Emili Vilaseca, the person in charge of REI broadcasting in Catalan, suggested to Pujolar that she take a voice test, and so she becoming the first female announcer. She addressed the listeners of the clandestine Radio Pirenaica in Catalan, under the nickname Montserrat Canigó, a job she alternated for years with her study of painting and fine arts at the Nicolae Grigorescu Fine Arts Institute.

== Return to Spain ==
In 1966 the family returned to Paris and Pujolar collaborated with Dolores Ibarruri and Irene Falcón in Mujeres Españolas Antifascistas and worked as a layout artist and illustrator on the editorial staff of Mundo Obrero until 1974.

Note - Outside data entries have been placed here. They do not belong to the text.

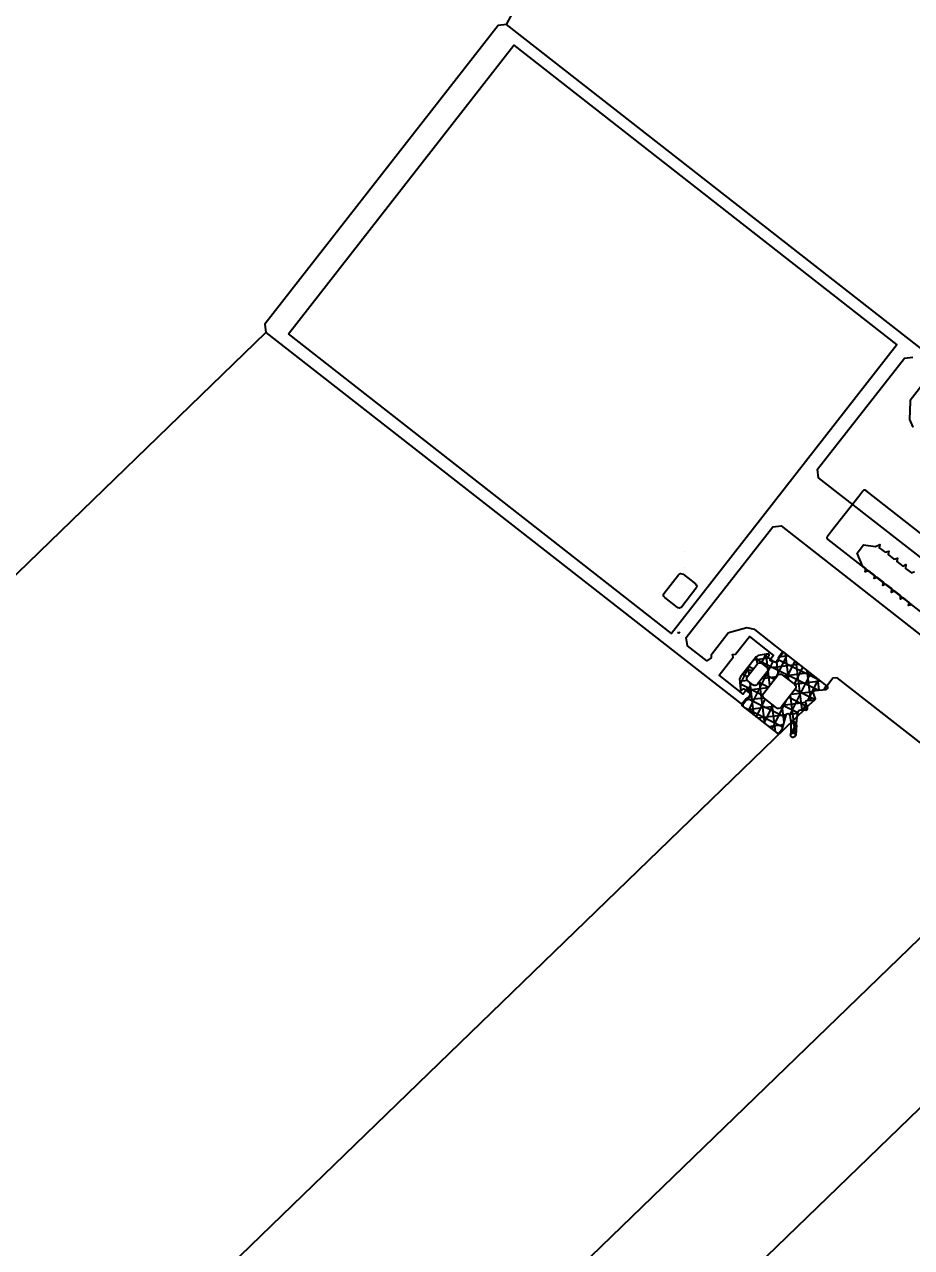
# Model space of a CAD drawing. Header units: millimetres. Extents: x -8689834 to 9419935, y -284943 to 166066.
# Drawn here: x -189705.9 to -189560.7, y 109572.6 to 109772.8 of the extents above; entities that cross this region are included whole.
import ezdxf
from ezdxf import colors
from ezdxf.entities.mleader import LeaderData, LeaderLine
from ezdxf.math import Vec2, Vec3

# ---------------------------------------------------------------- set-up
doc = ezdxf.new("R2010")
doc.units = ezdxf.units.MM
doc.header["$MEASUREMENT"] = 0
doc.layers.get('0').update_dxf_attribs({"color": 250, "lineweight": 9})
doc.layers.add('АР_новое окно', color=155, linetype='Continuous')
for name, color, linetype, lineweight in [('АР_Окна', 4, 'Continuous', 0), ('АР_Отметки', 250, 'Continuous', 15), ('АР_Подоконники', 163, 'Continuous', 9), ('АР_Сущ Несущая стена', 216, 'Continuous', 30)]:
    doc.layers.add(name, color=color, linetype=linetype, lineweight=lineweight)
doc.styles.add('ISOCPEUR', font='isocpeur.ttf', dxfattribs={"width": 0.7})

# ---------------------------------------------------------------- blocks, each defined once
blk = doc.blocks.new('стойка витр.')
h = blk.add_hatch()
h.set_pattern_fill('ANSI37', scale=0.5, angle=-69.23283665521843)
h.set_pattern_definition([(335.7671633447816, (-69115.31625940584, 318510.9409690977), (0.6515825639889636, 1.447617495164233), []), (65.76716334478155, (-69115.31625940584, 318510.9409690977), (-1.447617495164233, 0.6515825639889636), [])])
edge = h.paths.add_edge_path()
edge.add_line((-22.69442369043827, 14.13646889062511), (-23.03581465108437, 15.03674084689555))
edge.add_arc((-23.43472203482704, 14.88552442783714), 0.426606969231953, 20.76054121617168, 72.29995807937499)
edge.add_arc((-23.17519432072194, 15.69843630689562), 0.4267278803337561, 110.7639791014305, 252.28796188313498, ccw=False)
edge.add_line((-23.32647754022037, 16.09744767434313), (-22.30045238576713, 16.48652534212306))
edge.add_arc((-22.23557122191811, 16.31559297980009), 0.1828317202011609, 20.74895968860318, 110.7853670150393, ccw=False)
edge.add_line((-22.06459766681655, 16.38036551539699), (-22.02136925791274, 16.26636916297139))
edge.add_arc((-21.85036169383434, 16.33121481389334), 0.1828894349477776, 200.7666051414026, 335.7779732891441)
edge.add_line((-21.68357339510112, 16.25618009645405), (-21.08991230116226, 17.78525728297245))
edge.add_arc((-21.70321396183568, 17.95657679537892), 0.6367804192309714, 344.3928406199507, 381.7248777476984)
edge.add_line((-21.1116628201562, 18.19228116337763), (-22.58147269752226, 22.06827310883818))
edge.add_arc((-23.18057156739388, 21.852472630542), 0.6367804192296693, 19.80944894391843, 57.14148607166609)
edge.add_line((-22.83507592984824, 22.38737642259366), (-24.29334917705273, 23.13834224954917))
edge.add_arc((-24.36844682475663, 22.97158227615987), 0.1828894349476184, 65.75635339884347, 200.7677215648203)
edge.add_line((-24.53945312526776, 22.90673329312267), (-24.49622471639304, 22.79273694081348))
edge.add_arc((-24.66715707872659, 22.7278557770023), 0.1828317201976129, -69.25104032206309, 20.78536700277641, ccw=False)
edge.add_line((-24.60238454316277, 22.55688222189201), (-25.62840969761601, 22.16780455411208))
edge.add_arc((-25.77973726672901, 22.56679910380675), 0.4267278803402734, 149.2463648073436, 290.7703475895543, ccw=False)
edge.add_arc((-26.51302534269302, 23.00322659508151), 0.4266069692186295, 329.2343686070108, 380.7737854734352)
edge.add_line((-26.11415292418678, 23.1545352198882), (-26.50320860397187, 24.18050239048171))
edge.add_arc((-26.6741821590871, 24.11572985494814), 0.1828317201915107, 20.74895966852365, 110.7853670116034)
edge.add_line((-26.73906332292245, 24.28666221726598), (-33.46508004333009, 21.73609814226074))
edge.add_arc((-33.37260125833668, 21.44478009969028), 0.3056444463767395, 107.6120180140902, 200.6882886899978)
edge.add_line((-33.6585366082727, 21.33680091994756), (-33.39916615508264, 20.65282280623796))
edge.add_arc((-33.11489203283651, 20.76049792175978), 0.3039830703862393, 200.7452912846324, 225.8123610097134)
edge.add_line((-33.32677140043234, 20.54252351805917), (-31.79381202385412, 18.90709041146329))
edge.add_arc((-32.0063560722166, 18.68866847666476), 0.3047673113958362, -108.86283880448178, 45.781400895661875, ccw=False)
edge.add_arc((-28.70749382052437, 27.75544220980088), 9.952967568180252, 231.9543329511108, 250.0411665169116, ccw=False)
edge.add_arc((-35.13741779119496, 19.64784166335459), 0.4002801790554734, 42.30928712460122, 119.2250395725891)
edge.add_arc((-34.91139847875967, 19.56672148584141), 0.6024183835395109, 134.3950067436913, 228.6478049676944)
edge.add_arc((-28.53884731806517, 27.80771469972205), 11.01872594929672, 232.0873456721725, 240.8889416158169)
edge.add_arc((-36.88860151399224, 12.8729826853881), 6.091684827127049, 40.75890454826748, 60.61437004968877, ccw=False)
edge.add_arc((-32.50226594848368, 16.64775385941913), 0.3047655738188228, -34.89587558046088, 41.60271899476669, ccw=False)
edge.add_line((-32.25229934006347, 16.47340148731018), (-32.76342180219945, 15.75802363698313))
edge.add_arc((-32.51342051808022, 15.58368567090239), 0.3047857747310843, 145.1100748179471, 256.4242518685471)
edge.add_line((-32.58496309185284, 15.28741547561367), (-31.72801335877739, 15.09082250765641))
edge.add_arc((-31.79955593254474, 14.79455231235153), 0.3047857747455557, -34.88992517811971, 76.42425187022229, ccw=False)
edge.add_line((-31.54955464840168, 14.62021434627968), (-32.06065512256464, 13.90477851201285))
edge.add_arc((-31.81065383841726, 13.73044054594722), 0.304785774745541, 145.1100748233031, 256.4242518693868)
edge.add_line((-31.88219641218893, 13.4341703506434), (-31.02524667911348, 13.23757738269342))
edge.add_arc((-31.09682011228135, 12.94126594878393), 0.3048331054871362, -24.2246592297883, 76.42043308581259, ccw=False)
edge.add_line((-30.81882951050648, 12.81618818287097), (-31.59985344059533, 11.12048939903616))
edge.add_arc((-31.32187980059053, 10.99539431777895), 0.3048247429134716, 155.7710645559098, 290.7402899417831)
edge.add_line((-31.21393143609748, 10.71032366952568), (-22.80062470957637, 13.90072279884771))
edge.add_arc((-22.86539724513609, 14.07169635396312), 0.1828317202009504, 290.7489596761703, 380.7489600455551)
edge = h.paths.add_edge_path(flags=16)
edge.add_line((-23.10434971895302, 21.04022295145114), (-22.19142218885827, 18.63276889372355))
edge.add_arc((-22.69773797682865, 18.4407695405971), 0.5414973949605305, -69.23283665472542, 20.767163345274582, ccw=False)
edge.add_line((-22.5057386237022, 17.93445375262672), (-23.43116100440966, 17.58352553217992))
edge.add_arc((-23.62316035752519, 18.08984132014666), 0.5414973949532591, 200.7671633443313, 290.7671633443313, ccw=False)
edge.add_line((-24.12947614549194, 17.89784196703113), (-25.04240367558668, 20.30529602475872))
edge.add_arc((-24.53608788761267, 20.4972953778888), 0.541497394965222, 110.76716334549809, 200.7671633454981, ccw=False)
edge.add_line((-24.72808724074275, 21.00361116586282), (-23.80266486003529, 21.35453938630963))
edge.add_arc((-23.6106655069234, 20.84822359833925), 0.5414973949553709, 20.767163343835023, 110.767163343835, ccw=False)
edge = h.paths.add_edge_path(flags=16)
edge.add_line((-26.85119390953332, 20.26120087689196), (-25.51269974335446, 16.73149769075098))
edge.add_arc((-26.01901553132848, 16.5394983376209), 0.541497394965222, -69.23283665450191, 20.76716334549809, ccw=False)
edge.add_line((-25.82701617819839, 16.03318254964688), (-28.23444912247942, 15.12026302596496))
edge.add_arc((-28.4264484756095, 15.62657881394625), 0.5414973949720253, 200.7671633452251, 290.76716334522513, ccw=False)
edge.add_line((-28.9327642635908, 15.43457946081617), (-30.27125842979876, 18.96428264696442))
edge.add_arc((-29.76494264181383, 19.15628200007632), 0.5414973949689773, 110.76716334328901, 200.767163343289, ccw=False)
edge.add_line((-29.95694199492573, 19.66259778806125), (-27.5495090506447, 20.57551731175045))
edge.add_arc((-27.35750969751825, 20.06920152376551), 0.541497394974137, 20.767163344728715, 110.76716334472869, ccw=False)
at = {"lineweight": 0, "ltscale": 100, "transparency": 33554687}
for points in [[(-27.04754980615689, -8.105182423096267), (-26.87849637278123, -7.51945380341931), (-26.47751006082399, -7.889018390778801), (-25.33748855406884, -7.456712314131437), (-25.28243147299509, -6.914212103321915), (-24.7675067926466, -7.240570269808813), (-23.62748528589145, -6.808264193168725), (-23.5724282048177, -6.265763982351928), (-23.05744554058765, -6.592100160843984), (-21.91748201774317, -6.159816072198737), (-21.86242493664031, -5.617315861389216), (-21.46149660859373, -5.986902436743549), (-20.32147510183859, -5.554596360096184), (-20.15236368455226, -4.968845752424386), (-19.75143535650568, -5.338432327778719), (-18.6114718336612, -4.906148239133472), (-18.44241840028553, -4.320419619456516), (-18.0414320883574, -4.689984206808731), (-17.35739599072258, -4.430591765623831), (-15.14439867439796, -4.764904394331097), (-14.53915697429329, -6.360969294146344), (-15.78927863537683, -7.87813783652382), (-15.87193323494284, -8.691881148712127), (-16.27286156296032, -8.322294573416002), (-17.41288306971546, -8.754600650063367), (-17.58193650312023, -9.340329269682115), (-17.9828648311377, -8.97074269438599), (-19.12288633789285, -9.403048771026079), (-19.29193977129762, -9.988777390644827), (-19.69292608322576, -9.61921280335082), (-20.83288960607024, -10.05149689199607), (-20.8879466871731, -10.59399710274738), (-21.40287136749248, -10.26763893631141), (-22.54295085812919, -10.6999670009609), (-22.59800793926115, -11.24246721171221)], [(-29.14341260807123, -16.33238676948531), (-1.327200956468005, -5.784237234569446), (-0.06938087928574532, -6.350438765824947), (8.118987008783733, -27.94374036834779), (7.552865449426463, -29.20159644143132)], [(3.358505795680685, -29.48817839122057), (1.715760294842767, -25.15614305267809), (1.558535533695249, -25.08537510928727), (-0.902061547501944, -23.41060979175381), (-2.258247086545452, -23.27287612311193)], [(-3.953589570330223, -35.65123370236688), (88.61521743849153, -0.5483364844694734), (89.18141896976158, 0.709483592720062), (67.18472618525266, 58.71630840156286), (65.92687011216185, 59.2824299609274), (-26.6419368966599, 24.17953274302999), (-25.90703195796232, 22.24153677027789), (-25.27813291337225, 21.95846499659092), (-24.82208952034125, 22.13140062004823), (-25.21116718812846, 23.15742577453057), (-20.53714279274573, 24.92985650197079), (-19.19699615391437, 21.39579562939616), (-18.76855027934653, 21.29748815141647), (-18.98085410959902, 20.82581386800302), (-17.68393587967148, 17.40574934773758), (-22.35796027505421, 15.63331862029736), (-22.70380953396671, 16.54534742246324), (-23.1598529269977, 16.37241179900593), (-23.44292470067739, 15.74351275440858), (-22.75122618288151, 13.91945515007683), (-17.16517298531835, 16.03773513642955), (-16.24131551088067, 17.04008095841709), (-15.46667035139399, 19.81128934778826), (-15.4391308168415, 20.08251046122314), (-17.03864790883381, 24.30054944750736), (-17.39634782800567, 24.5561396704943), (-17.47095398549573, 25.44057095424068), (-13.70890040838276, 26.86717441076325), (-12.4510803312005, 26.30097287951503), (-4.305940852005733, 4.821667629301373), (-4.8720624113339, 3.563811556159635), (-32.68827406296623, -6.984337978748954)], [(-69.8438361948356, -5.633594956780144), (-69.21493715024553, -5.916666730459838), (-30.90838462579995, 8.609511357899464), (-30.62531285212026, 9.238410402496811), (-31.1873041553481, 10.72042096611403)]]:
    blk.add_lwpolyline(points, dxfattribs=at)
blk.add_lwpolyline([(63.8117502759269, 56.26367979055794), (85.07351613373612, 0.1949089383633691), (10.63088292890461, -28.03438542609365), (-10.63088292890461, 28.03438542610093)], close=True, dxfattribs=at)
at = {"color": 7, "lineweight": 0, "ltscale": 100, "transparency": 33554687}
blk.add_lwpolyline([(-22.69442369043827, 14.13646889062511), (-23.03581465108437, 15.03674084689555, 0.2287523810762611), (-23.30501911480678, 15.29193636016134, -0.7101639231358212), (-23.32647754022037, 16.09744767434313), (-22.30045238576713, 16.48652534212306, -0.4143996870914876), (-22.06459766681655, 16.38036551539699), (-22.02136925791274, 16.26636916297139, 0.6682503890445888), (-21.68357339510112, 16.25618009645405), (-21.08991230116226, 17.78525728297245, 0.1643479059441302), (-21.1116628201562, 18.19228116337763), (-22.58147269752226, 22.06827310883818, 0.1643479059441302), (-22.83507592984824, 22.38737642259366), (-24.29334917705273, 23.13834224954917, 0.6682503891596868), (-24.53945312526776, 22.90673329312267), (-24.49622471639304, 22.79273694081348, -0.4143996870833266), (-24.60238454316277, 22.55688222189201), (-25.62840969761601, 22.16780455411208, -0.7101639231391418), (-26.14645609946456, 22.78500538597291, 0.2287523810910513), (-26.11415292418678, 23.1545352198882), (-26.50320860397187, 24.18050239048171, 0.4143996871765861), (-26.73906332292245, 24.28666221726598), (-33.46508004333009, 21.73609814226074, 0.4300281847644905), (-33.6585366082727, 21.33680091994756), (-33.39916615508264, 20.65282280623796, 0.1098139781175365), (-33.32677140043234, 20.54252351805917), (-31.79381202385412, 18.90709041146329, -0.8000358277039689), (-32.10488848172827, 18.40026861818478, -0.07908294790216032), (-34.84140179419774, 19.91728321780829, 0.3488032577412263), (-35.33285102594527, 19.99716969329165, 0.4361245879823007), (-35.30940773655311, 19.11450854978466, 0.03842309887939363), (-33.89950172111276, 18.18089248692559, -0.08685322061285544), (-32.2743724368047, 16.85010652759956, -0.3467629046601076), (-32.25229934006347, 16.47340148731018), (-32.76342180219945, 15.75802363698313, 0.5278770357902526), (-32.58496309185284, 15.28741547561367), (-31.72801335877739, 15.09082250765641, -0.5278770357776507), (-31.54955464840168, 14.62021434627968), (-32.06065512256464, 13.90477851201285, 0.5278770357650493), (-31.88219641218893, 13.4341703506434), (-31.02524667911348, 13.23757738269342, -0.4697389635461835), (-30.81882951050648, 12.81618818287097), (-31.59985344059533, 11.12048939903616, 0.667984424932516), (-31.21393143609748, 10.71032366952568), (-22.80062470957637, 13.90072279884771, 0.4142135642613711)], format="xyb", close=True, dxfattribs=at)
for points in [[(-26.73906332292245, 24.28666221726598), (-26.73906332292245, 24.28666221726598)], [(-22.80062470957637, 13.90072279884771), (-22.80062470957637, 13.90072279884771)]]:
    blk.add_lwpolyline(points, dxfattribs=at)
at = {"color": 7}
for points in [[(-26.85119390953332, 20.26120087689196), (-25.51269974335446, 16.73149769075098, -0.414213562373095), (-25.82701617819839, 16.03318254964688), (-28.23444912247942, 15.12026302596496, -0.414213562373095), (-28.9327642635908, 15.43457946081617), (-30.27125842979876, 18.96428264696442, -0.414213562373095), (-29.95694199492573, 19.66259778806125), (-27.5495090506447, 20.57551731175045, -0.414213562373095)], [(-23.10434971895302, 21.04022295145114), (-22.19142218885827, 18.63276889372355, -0.414213562373095), (-22.5057386237022, 17.93445375262672), (-23.43116100440966, 17.58352553217992, -0.414213562373095), (-24.12947614549194, 17.89784196703113), (-25.04240367558668, 20.30529602475872, -0.414213562373095), (-24.72808724074275, 21.00361116586282), (-23.80266486003529, 21.35453938630963, -0.414213562373095)]]:
    blk.add_lwpolyline(points, format="xyb", close=True, dxfattribs=at)
at = {"color": 7, "lineweight": 0, "ltscale": 100, "transparency": 33554687}
blk.add_arc((-33.37357679728302, 21.44486016019073), 0.304760386648688, 110.7561904730667, 200.7778938289061, dxfattribs=at)
blk = doc.blocks.new('A$Cec9b444d')
at = {"layer": 'АР_новое окно', "ltscale": 150}
h = blk.add_hatch(dxfattribs=at)
h.set_pattern_fill('ANSI37', color=256, scale=0.4999999999999999, angle=18.44885465401029)
h.set_pattern_definition([(63.44885465401029, (-321399.7326720809, -56959.42033690279), (-1.420075430942132, 0.7096069478482574), []), (153.4488546540103, (-321399.7326720809, -56959.42033690279), (-0.7096069478482574, -1.420075430942132), [])])
edge = h.paths.add_edge_path()
edge.add_line((4642.592625096755, -2916.506047111038), (4641.999839470242, -2917.264758244685))
edge.add_arc((4642.335976653955, -2917.52744684345), 0.4266069692291052, 141.9926499499301, 193.532066813143)
edge.add_arc((4641.506310237884, -2917.727031400829), 0.4267278803341725, -128.00391216654782, 13.52007061518242, ccw=False)
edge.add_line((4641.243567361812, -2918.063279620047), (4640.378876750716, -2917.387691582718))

The death of the Spanish dictator Francisco Franco opened the way for the Spanish transition to democracy. The legalisation of the Communist Party of Spain (PCE) allowed the couple to move to Madrid. Federico Melchor continued to manage the Mundo Obrero publication and was a member of the executive committee of the Communist Party of Spain until his death in 1985. Pujolar devoted herself fully to painting and held three retrospective exhibitions, in Paris in 1992, in the Sala Blanquerna in Madrid in 2002 and in the Francesca Bonnemaison library in Barcelona in 2005.

Victòria Pujolar Amat died in Madrid on 24 June 2017, age 95.

== Recognition and commemoration ==
In 2016, Pujolar's son Jorge Amat, a French filmmaker, dedicated the documentary La memoria rota (Broken Memory) to her.

In 2021 the Catalan Women's Institute promoted the commemoration of the centenary of Pujolar's birth, supported by the Government of the Generalitat de Catalunya, including the publication of a biographical book and various exhibitions. In January 2022 the exhibition of her artistic work ‘Victòria Pujolar Amat. Diari Íntim’ was opened at the Felícia Fuster Foundation in Barcelona, curated by the art historian Esther Rodríguez Biosca.

The journalist Elvira Altés curated the exhibition "Qui és Victòria Pujolar Amat?".